# Jerking back bow hand?



## aread (Dec 25, 2009)

The old Howard Hill axiom - "upon release, with both hands do nothing".

That's a habit that will ruin archery for that archer. First you have to convince the archer that it's a bad thing, then he should get on a blank bale until a good habit replaces the bad one.


----------



## mike 66 (Jan 21, 2010)

*i will be glad to help.....*

you must relate to student, telling them they must be like statue of liberty. by holding perfect still when excuting shot. if any movement occurs the arrow will follow. missing the spot. i always tell them to count to 3 after the shot then drop bow. then work on follow through.. this works for me. and kids.....:shade:


----------



## AndyVandy (May 9, 2009)

Thanks for the help.
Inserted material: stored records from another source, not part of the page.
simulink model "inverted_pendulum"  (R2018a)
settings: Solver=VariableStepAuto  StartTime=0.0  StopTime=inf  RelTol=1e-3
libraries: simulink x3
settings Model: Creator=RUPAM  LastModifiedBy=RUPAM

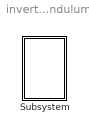
== system inverted_pendulum ==
  Subsystem : Subsystem

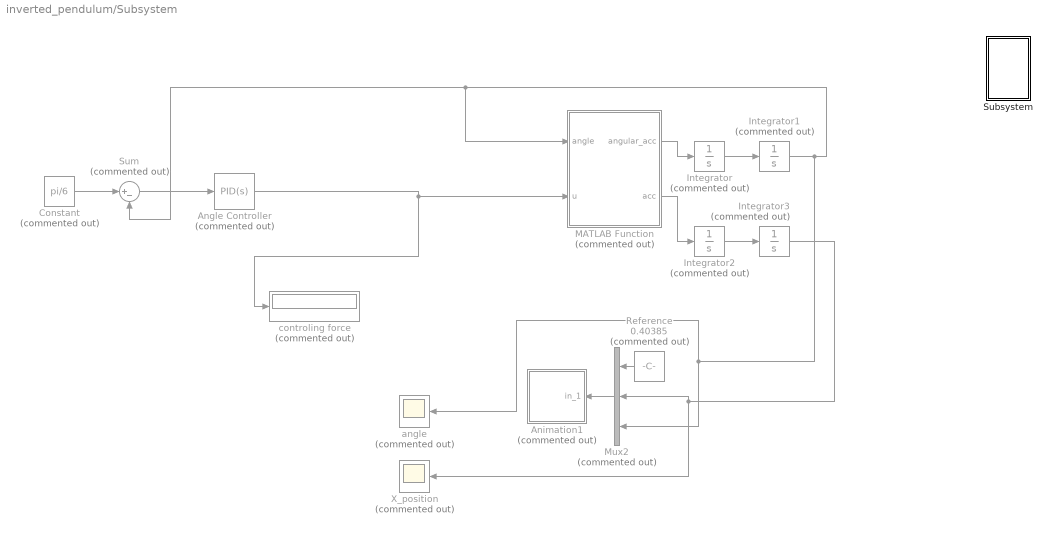
== system inverted_pendulum/Subsystem ==
  Angle Controller : simulink/Continuous/PID Controller  Commented=on  Controller=PID  TimeDomain=Continuous-time  SampleTime=-1  IntegratorMethod=Forward Euler  FilterMethod=Forward Euler  Form=Parallel  UseFilter=on  ControllerParametersSource=internal  P=-7691.26624395545  I=-26130.3354366134  D=-503.00427617919  N=66552.8826882912  InitialConditionSource=internal  InitialConditionForIntegrator=0  InitialConditionForFilter=0  ExternalReset=none  LimitOutput=off  UpperSaturationLimit=inf  LowerSaturationLimit=-inf  LinearizeAsGain=on  AntiWindupMode=none  Kb=1  TrackingMode=off  Kt=1  PParamMin=[]  PParamMax=[]  IParamMin=[]  IParamMax=[]  DParamMin=[]  DParamMax=[]  NParamMin=[]  NParamMax=[]  KbParamMin=[]  KbParamMax=[]  KtParamMin=[]  KtParamMax=[]  POutMin=[]  POutMax=[]  IOutMin=[]  IOutMax=[]  DOutMin=[]  DOutMax=[]  NOutMin=[]  NOutMax=[]  KbOutMin=[]  KbOutMax=[]  KtOutMin=[]  KtOutMax=[]  IntegratorOutMin=[]  IntegratorOutMax=[]  FilterOutMin=[]  FilterOutMax=[]  SumOutMin=[]  SumOutMax=[]  SumI1OutMin=[]  SumI1OutMax=[]  SumI2OutMin=[]  SumI2OutMax=[]  SumI3OutMin=[]  SumI3OutMax=[]  SumDOutMin=[]  SumDOutMax=[]  SaturationOutMin=[]  SaturationOutMax=[]  IntegratorContinuousStateAttributes=''  IntegratorStateMustResolveToSignalObject=off  IntegratorRTWStateStorageClass=Auto  FilterContinuousStateAttributes=''  FilterStateMustResolveToSignalObject=off  FilterRTWStateStorageClass=Auto  DifferentiatorICPrevScaledInput=0  DifferentiatorOutMin=[]  DifferentiatorOutMax=[]  FilterDiffOutCoefMin=[]  FilterDiffOutCoefMax=[]  SumDenOutMin=[]  SumDenOutMax=[]  SumNumOutMin=[]  SumNumOutMax=[]  ReciprocalOutMin=[]  ReciprocalOutMax=[]  DivideOutMin=[]  DivideOutMax=[]  TunerSelectOption=Transfer Function Based (PID Tuner App)
  Animation1 : Subsystem  Commented=on  mask(Pendulum plot){RefBlock=Reference, Parameter2=0}
      mask prompts: RefBlock "DC reference signal block name:"
      mask help: Pendulum plot
      mask Help: Pendulum animation function using Handle graphics.
      mask Display: plot([-100 100],[0 0],[-2 -2 2 2],[0 1 1 0],[0 3],[1 5])
  Constant : Constant  Commented=on  Value=pi/6
  Integrator{,1..3} (4 alike) : Integrator  Commented=on
  MATLAB Function : MATLAB Function  Commented=on  TreatAsAtomicUnit=on
  Mux2 : Mux  Commented=on  Inputs=3
  Reference : Constant  Commented=on  Value=0.40385
  Subsystem : Subsystem
  Sum : Sum  Commented=on  Inputs=|+-
  X_position : Scope  Commented=on
  angle : Scope  Commented=on
  controling force : Display  Commented=on
  wires:
  Integrator1/1 -> Mux2/3, angle/1, MATLAB Function/1(angle), Sum/2
  Integrator3/1 -> Mux2/2, X_position/1
  Integrator/1 -> Integrator1/1
  Mux2/1 -> Animation1/1(in_1)
  MATLAB Function/2(acc) -> Integrator2/1
  MATLAB Function/1(angular_acc) -> Integrator/1
  Sum/1 -> Angle Controller/1
  Integrator2/1 -> Integrator3/1
  Angle Controller/1 -> MATLAB Function/2(u), controling force/1
  Constant/1 -> Sum/1
  Reference/1 -> Mux2/1

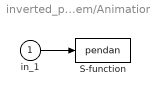
== system inverted_pendulum/Subsystem/Animation1 ==
  in_1 : Inport
  S-function : S-Function  FunctionName=pendan  Parameters=RefBlock  SFunctionDeploymentMode=off  EnableBusSupport=off
      settings: DeleteFcn=pendan([],[],[],'DeleteBlock');
  wires:
  in_1/1 -> S-function/1

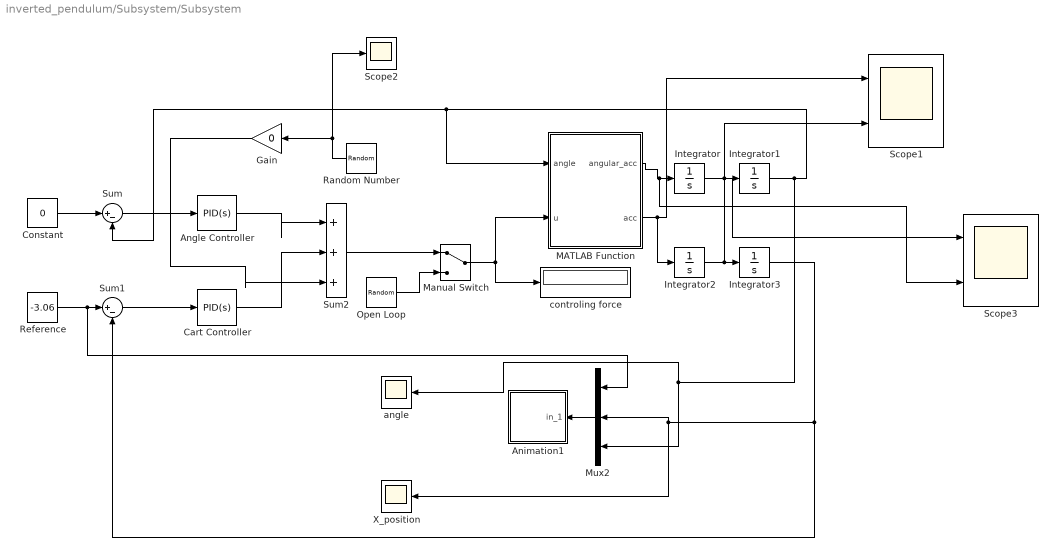
== system inverted_pendulum/Subsystem/Subsystem ==
  Angle Controller : simulink/Continuous/PID Controller  Controller=PID  TimeDomain=Continuous-time  SampleTime=-1  IntegratorMethod=Forward Euler  FilterMethod=Forward Euler  Form=Parallel  UseFilter=on  ControllerParametersSource=internal  P=-7691.26624395545  I=-26130.3354366134  D=-600.00427617919  N=66552.8826882912  InitialConditionSource=internal  InitialConditionForIntegrator=0  InitialConditionForFilter=0  ExternalReset=none  LimitOutput=off  UpperSaturationLimit=inf  LowerSaturationLimit=-inf  LinearizeAsGain=on  AntiWindupMode=none  Kb=1  TrackingMode=off  Kt=1  PParamMin=[]  PParamMax=[]  IParamMin=[]  IParamMax=[]  DParamMin=[]  DParamMax=[]  NParamMin=[]  NParamMax=[]  KbParamMin=[]  KbParamMax=[]  KtParamMin=[]  KtParamMax=[]  POutMin=[]  POutMax=[]  IOutMin=[]  IOutMax=[]  DOutMin=[]  DOutMax=[]  NOutMin=[]  NOutMax=[]  KbOutMin=[]  KbOutMax=[]  KtOutMin=[]  KtOutMax=[]  IntegratorOutMin=[]  IntegratorOutMax=[]  FilterOutMin=[]  FilterOutMax=[]  SumOutMin=[]  SumOutMax=[]  SumI1OutMin=[]  SumI1OutMax=[]  SumI2OutMin=[]  SumI2OutMax=[]  SumI3OutMin=[]  SumI3OutMax=[]  SumDOutMin=[]  SumDOutMax=[]  SaturationOutMin=[]  SaturationOutMax=[]  IntegratorContinuousStateAttributes=''  IntegratorStateMustResolveToSignalObject=off  IntegratorRTWStateStorageClass=Auto  FilterContinuousStateAttributes=''  FilterStateMustResolveToSignalObject=off  FilterRTWStateStorageClass=Auto  DifferentiatorICPrevScaledInput=0  DifferentiatorOutMin=[]  DifferentiatorOutMax=[]  FilterDiffOutCoefMin=[]  FilterDiffOutCoefMax=[]  SumDenOutMin=[]  SumDenOutMax=[]  SumNumOutMin=[]  SumNumOutMax=[]  ReciprocalOutMin=[]  ReciprocalOutMax=[]  DivideOutMin=[]  DivideOutMax=[]  TunerSelectOption=Transfer Function Based (PID Tuner App)
  Animation1 : Subsystem  mask(Pendulum plot){RefBlock=Reference, Parameter2=0}
      mask prompts: RefBlock "DC reference signal block name:"
      mask help: Pendulum plot
      mask Help: Pendulum animation function using Handle graphics.
      mask Display: plot([-100 100],[0 0],[-2 -2 2 2],[0 1 1 0],[0 3],[1 5])
  Cart Controller : simulink/Continuous/PID Controller  Controller=PID  TimeDomain=Continuous-time  SampleTime=-1  IntegratorMethod=Forward Euler  FilterMethod=Forward Euler  Form=Parallel  UseFilter=on  ControllerParametersSource=internal  P=-3240.3861619702  I=-787.146927150774  D=-587.45153333948  N=1.40524226520522  InitialConditionSource=internal  InitialConditionForIntegrator=0  InitialConditionForFilter=0  ExternalReset=none  LimitOutput=off  UpperSaturationLimit=inf  LowerSaturationLimit=-inf  LinearizeAsGain=on  AntiWindupMode=none  Kb=1  TrackingMode=off  Kt=1  PParamMin=[]  PParamMax=[]  IParamMin=[]  IParamMax=[]  DParamMin=[]  DParamMax=[]  NParamMin=[]  NParamMax=[]  KbParamMin=[]  KbParamMax=[]  KtParamMin=[]  KtParamMax=[]  POutMin=[]  POutMax=[]  IOutMin=[]  IOutMax=[]  DOutMin=[]  DOutMax=[]  NOutMin=[]  NOutMax=[]  KbOutMin=[]  KbOutMax=[]  KtOutMin=[]  KtOutMax=[]  IntegratorOutMin=[]  IntegratorOutMax=[]  FilterOutMin=[]  FilterOutMax=[]  SumOutMin=[]  SumOutMax=[]  SumI1OutMin=[]  SumI1OutMax=[]  SumI2OutMin=[]  SumI2OutMax=[]  SumI3OutMin=[]  SumI3OutMax=[]  SumDOutMin=[]  SumDOutMax=[]  SaturationOutMin=[]  SaturationOutMax=[]  IntegratorContinuousStateAttributes=''  IntegratorStateMustResolveToSignalObject=off  IntegratorRTWStateStorageClass=Auto  FilterContinuousStateAttributes=''  FilterStateMustResolveToSignalObject=off  FilterRTWStateStorageClass=Auto  DifferentiatorICPrevScaledInput=0  DifferentiatorOutMin=[]  DifferentiatorOutMax=[]  FilterDiffOutCoefMin=[]  FilterDiffOutCoefMax=[]  SumDenOutMin=[]  SumDenOutMax=[]  SumNumOutMin=[]  SumNumOutMax=[]  ReciprocalOutMin=[]  ReciprocalOutMax=[]  DivideOutMin=[]  DivideOutMax=[]  TunerSelectOption=Transfer Function Based (PID Tuner App)
  Constant : Constant  Value=0
  Gain : Gain  Gain=0
  Integrator{,1..3} (4 alike) : Integrator
  MATLAB Function : MATLAB Function  TreatAsAtomicUnit=on
  Manual Switch : ManualSwitch
  Mux2 : Mux  Inputs=3
  Open Loop : RandomNumber  SampleTime=0.1
  Random Number : RandomNumber  SampleTime=0.1
  Reference : Constant  Value=-3.06
  Scope1 : Scope  NumInputPorts=2
  Scope2 : Scope
  Scope3 : Scope  NumInputPorts=2
  Sum : Sum  Inputs=|+-
  Sum1 : Sum  Inputs=|+-
  Sum2 : Sum  Inputs=|+++
  X_position : Scope
  angle : Scope
  controling force : Display
  wires:
  MATLAB Function/1(angular_acc) -> Scope3/2, Integrator/1
  Constant/1 -> Sum/1
  Gain/1 -> Sum2/3
  Integrator3/1 -> Mux2/2, X_position/1, Sum1/2
  Manual Switch/1 -> controling force/1, MATLAB Function/2(u)
  Cart Controller/1 -> Sum2/2
  Integrator1/1 -> Mux2/3, angle/1, MATLAB Function/1(angle), Sum/2
  Integrator2/1 -> Scope1/2, Integrator3/1
  Sum/1 -> Angle Controller/1
  Open Loop/1 -> Manual Switch/2
  Sum1/1 -> Cart Controller/1
  Reference/1 -> Mux2/1, Sum1/1
  MATLAB Function/2(acc) -> Scope1/1, Integrator2/1
  Integrator/1 -> Scope3/1, Integrator1/1
  Mux2/1 -> Animation1/1(in_1)
  Angle Controller/1 -> Sum2/1
  Random Number/1 -> Gain/1, Scope2/1
  Sum2/1 -> Manual Switch/1

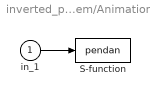
== system inverted_pendulum/Subsystem/Subsystem/Animation1 ==
  in_1 : Inport
  S-function : S-Function  FunctionName=pendan  Parameters=RefBlock  SFunctionDeploymentMode=off  EnableBusSupport=off
      settings: DeleteFcn=pendan([],[],[],'DeleteBlock');
  wires:
  in_1/1 -> S-function/1

== matlab function inverted_pendulum/Subsystem/MATLAB Function ==
  data: angle input; u input; angular_acc output; acc output
function [angular_acc,acc] = fcn(angle,u)
M=2.4;
m=0.23;
l=0.36;
g=9.8;

angular_acc=(((M+m)*g*angle)-(u))/(M*l);

acc=(u-(m*g*angle))/M;

== matlab function inverted_pendulum/Subsystem/Subsystem/MATLAB Function ==
  data: angle input; u input; angular_acc output; acc output
function [angular_acc,acc] = fcn(angle,u)
M=2.4;
m=0.23;
l=0.36;
g=9.8;

angular_acc=(((M+m)*g*angle)-(u))/(M*l);

acc=(u-(m*g*angle))/M;

I try these tips out.


----------



## Big Ragu (Feb 27, 2008)

*Expand!!!*

Teach them to expand on the bow as if shooting a rubber band, instead of there wanting to contract at the shot! If they anticipate the shot, all kinds of detrimental things will occur such as what you described. Holding the bow arm pointing at the target until impact is critacle in the finish of the shot.


----------



## oldschoolcj5 (Jun 8, 2009)

I coach NASP archery with these same Genesis bows - LOT O FUN!!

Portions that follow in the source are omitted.